Remix.run Logo
saurik 18 hours ago

While those are all "filesystems", they are also (internally) alternatives to MD RAID; like, you could run zfs on top of MD RAID, but it feels like a waste of zfs (and the same largely goes for btrfs and bcachefs). It thereby is not at all clear to me that it is the filesystems that are "immune to this issue" rather than their respective RAID-like behaviors, as it seems to be the latter that the discussion was focussing on (hence the initial mention of potentially adding btrfs to the issue, which did not otherwise mention any filesystem at all). Put another way: if you did do the unusual thing of running zfs on top of MD RAID, I actually bet you are still vulnerable to this scenario.

(Oh, unless you are maybe talking about something orthogonal to the fixes mentioned in the discussion thread, such as some property of the extra checksumming done by these filesystems? And so, even if the disks de-synchronize, maybe zfs will detect an error if it reads "the wrong one" off of the underlying MD RAID, rather than ending up with the other content?)

ludocode 16 hours ago | parent | next [-]

These filesystems are not really alternatives because mdraid supports features those filesystems do not. For example, parity raid is still broken in btrfs (so it effectively does not support it), and last I checked zfs can't grow a parity raid array while mdraid can.

I run btrfs on top of mdraid in RAID6 so I can incrementally grow it while still having copy-on-write, checksums, snapshots, etc.

I hope that one day btrfs fixes its parity raid or bcachefs will become stable enough to fully replace mdraid. In the meantime I'll continue using mdraid with a copy-on-write filesystem on top.

bestham 2 hours ago | parent | next [-]

Like everything else in engineering it is a matter of trade offs. The setup you chose to run really hampers the usefulness of having a checksuming file system, since it cannot simply get the correct data from another drive. As a peer pointed out: ZFS does support adding additional drives to expand a RaidZ (with some trade offs). What you cannot do is change the raid topology at the fly.

bananapub 15 hours ago | parent | prev | next [-]

> zfs can't grow a parity raid array while mdraid can.

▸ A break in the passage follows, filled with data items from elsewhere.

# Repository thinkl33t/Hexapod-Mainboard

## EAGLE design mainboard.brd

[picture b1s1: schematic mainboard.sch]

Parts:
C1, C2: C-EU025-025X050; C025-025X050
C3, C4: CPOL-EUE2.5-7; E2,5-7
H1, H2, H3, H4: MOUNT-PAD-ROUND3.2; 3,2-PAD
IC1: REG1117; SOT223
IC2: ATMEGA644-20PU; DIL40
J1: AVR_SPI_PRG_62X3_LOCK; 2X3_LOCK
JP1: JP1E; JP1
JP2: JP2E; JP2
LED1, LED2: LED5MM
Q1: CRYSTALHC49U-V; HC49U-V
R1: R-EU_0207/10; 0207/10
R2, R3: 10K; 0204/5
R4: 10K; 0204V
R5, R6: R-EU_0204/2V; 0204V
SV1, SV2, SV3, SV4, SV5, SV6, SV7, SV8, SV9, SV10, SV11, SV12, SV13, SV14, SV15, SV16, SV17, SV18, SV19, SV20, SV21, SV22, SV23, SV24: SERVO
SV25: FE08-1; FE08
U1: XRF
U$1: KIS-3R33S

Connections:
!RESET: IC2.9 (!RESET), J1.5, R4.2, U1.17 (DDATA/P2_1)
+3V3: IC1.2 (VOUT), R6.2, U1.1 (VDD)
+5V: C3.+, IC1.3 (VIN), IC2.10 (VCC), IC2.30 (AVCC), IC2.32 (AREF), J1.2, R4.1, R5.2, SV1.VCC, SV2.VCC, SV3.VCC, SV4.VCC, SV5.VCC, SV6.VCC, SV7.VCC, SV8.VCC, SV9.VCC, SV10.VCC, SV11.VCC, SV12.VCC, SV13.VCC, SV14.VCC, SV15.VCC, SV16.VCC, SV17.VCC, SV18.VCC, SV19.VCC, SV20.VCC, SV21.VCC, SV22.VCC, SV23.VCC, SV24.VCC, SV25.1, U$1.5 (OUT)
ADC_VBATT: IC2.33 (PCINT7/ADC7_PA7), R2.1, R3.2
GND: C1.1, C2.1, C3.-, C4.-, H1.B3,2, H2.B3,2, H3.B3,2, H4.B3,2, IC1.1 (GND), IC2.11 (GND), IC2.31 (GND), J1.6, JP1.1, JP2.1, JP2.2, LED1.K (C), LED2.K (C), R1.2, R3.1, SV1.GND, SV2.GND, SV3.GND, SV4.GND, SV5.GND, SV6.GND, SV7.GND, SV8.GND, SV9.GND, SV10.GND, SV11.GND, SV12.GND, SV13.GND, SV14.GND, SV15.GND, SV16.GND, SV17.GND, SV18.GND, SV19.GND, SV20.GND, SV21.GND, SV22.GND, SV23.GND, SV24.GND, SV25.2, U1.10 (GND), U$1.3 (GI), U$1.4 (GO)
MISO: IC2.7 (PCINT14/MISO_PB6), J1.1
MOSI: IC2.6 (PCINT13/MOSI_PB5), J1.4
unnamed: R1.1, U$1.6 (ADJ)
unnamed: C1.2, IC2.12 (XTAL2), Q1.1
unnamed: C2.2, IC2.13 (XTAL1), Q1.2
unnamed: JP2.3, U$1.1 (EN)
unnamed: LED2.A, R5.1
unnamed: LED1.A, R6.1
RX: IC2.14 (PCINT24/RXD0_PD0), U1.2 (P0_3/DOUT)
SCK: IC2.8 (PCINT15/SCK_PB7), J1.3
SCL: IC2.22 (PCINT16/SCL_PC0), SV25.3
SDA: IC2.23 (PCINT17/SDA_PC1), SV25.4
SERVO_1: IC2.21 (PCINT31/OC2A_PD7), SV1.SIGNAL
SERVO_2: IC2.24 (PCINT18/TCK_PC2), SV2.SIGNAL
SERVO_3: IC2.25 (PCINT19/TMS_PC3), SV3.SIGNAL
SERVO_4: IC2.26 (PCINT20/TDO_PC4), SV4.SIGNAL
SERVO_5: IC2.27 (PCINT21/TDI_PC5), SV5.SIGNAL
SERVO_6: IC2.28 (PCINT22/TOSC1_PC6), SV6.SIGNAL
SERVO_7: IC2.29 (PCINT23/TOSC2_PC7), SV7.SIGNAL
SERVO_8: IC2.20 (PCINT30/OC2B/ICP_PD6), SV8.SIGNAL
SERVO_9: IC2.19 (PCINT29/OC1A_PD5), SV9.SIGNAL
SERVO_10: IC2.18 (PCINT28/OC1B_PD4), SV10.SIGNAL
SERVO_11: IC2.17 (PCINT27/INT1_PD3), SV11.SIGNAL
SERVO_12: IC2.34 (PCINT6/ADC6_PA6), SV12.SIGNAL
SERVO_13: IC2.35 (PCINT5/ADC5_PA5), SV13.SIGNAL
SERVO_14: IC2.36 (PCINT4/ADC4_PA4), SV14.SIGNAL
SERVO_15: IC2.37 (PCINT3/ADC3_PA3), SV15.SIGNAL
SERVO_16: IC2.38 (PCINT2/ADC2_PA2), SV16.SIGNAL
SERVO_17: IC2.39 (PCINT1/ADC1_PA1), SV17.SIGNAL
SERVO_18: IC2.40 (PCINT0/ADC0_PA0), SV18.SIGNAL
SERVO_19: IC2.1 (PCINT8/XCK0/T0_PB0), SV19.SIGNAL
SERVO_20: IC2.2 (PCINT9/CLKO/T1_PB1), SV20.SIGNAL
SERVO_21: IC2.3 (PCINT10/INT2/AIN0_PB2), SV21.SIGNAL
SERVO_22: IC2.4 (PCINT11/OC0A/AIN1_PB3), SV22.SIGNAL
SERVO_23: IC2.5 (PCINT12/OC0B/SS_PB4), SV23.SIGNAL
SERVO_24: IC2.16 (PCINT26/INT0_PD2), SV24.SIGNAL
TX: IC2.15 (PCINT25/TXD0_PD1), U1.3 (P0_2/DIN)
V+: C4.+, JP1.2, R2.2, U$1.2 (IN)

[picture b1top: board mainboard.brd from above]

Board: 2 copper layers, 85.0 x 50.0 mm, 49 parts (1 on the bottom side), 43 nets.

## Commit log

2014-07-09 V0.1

indeed out of date - that was merged a long time ago and shipped in a stable version earlier this year.

koverstreet 10 hours ago | parent | prev [-]

soon :)

Polizeiposaune 16 hours ago | parent | prev [-]

ZFS puts checksums in the block pointer, so, unless you disable checksums, it always knows the expected checksum of a block it is about to read.

When the actual checksum of what was read from storage doesn't match the expected value, it will try reading alternate locations (if there are any), and it will write back the corrected block if it succeeds in reconstructing a block with the expected checksum.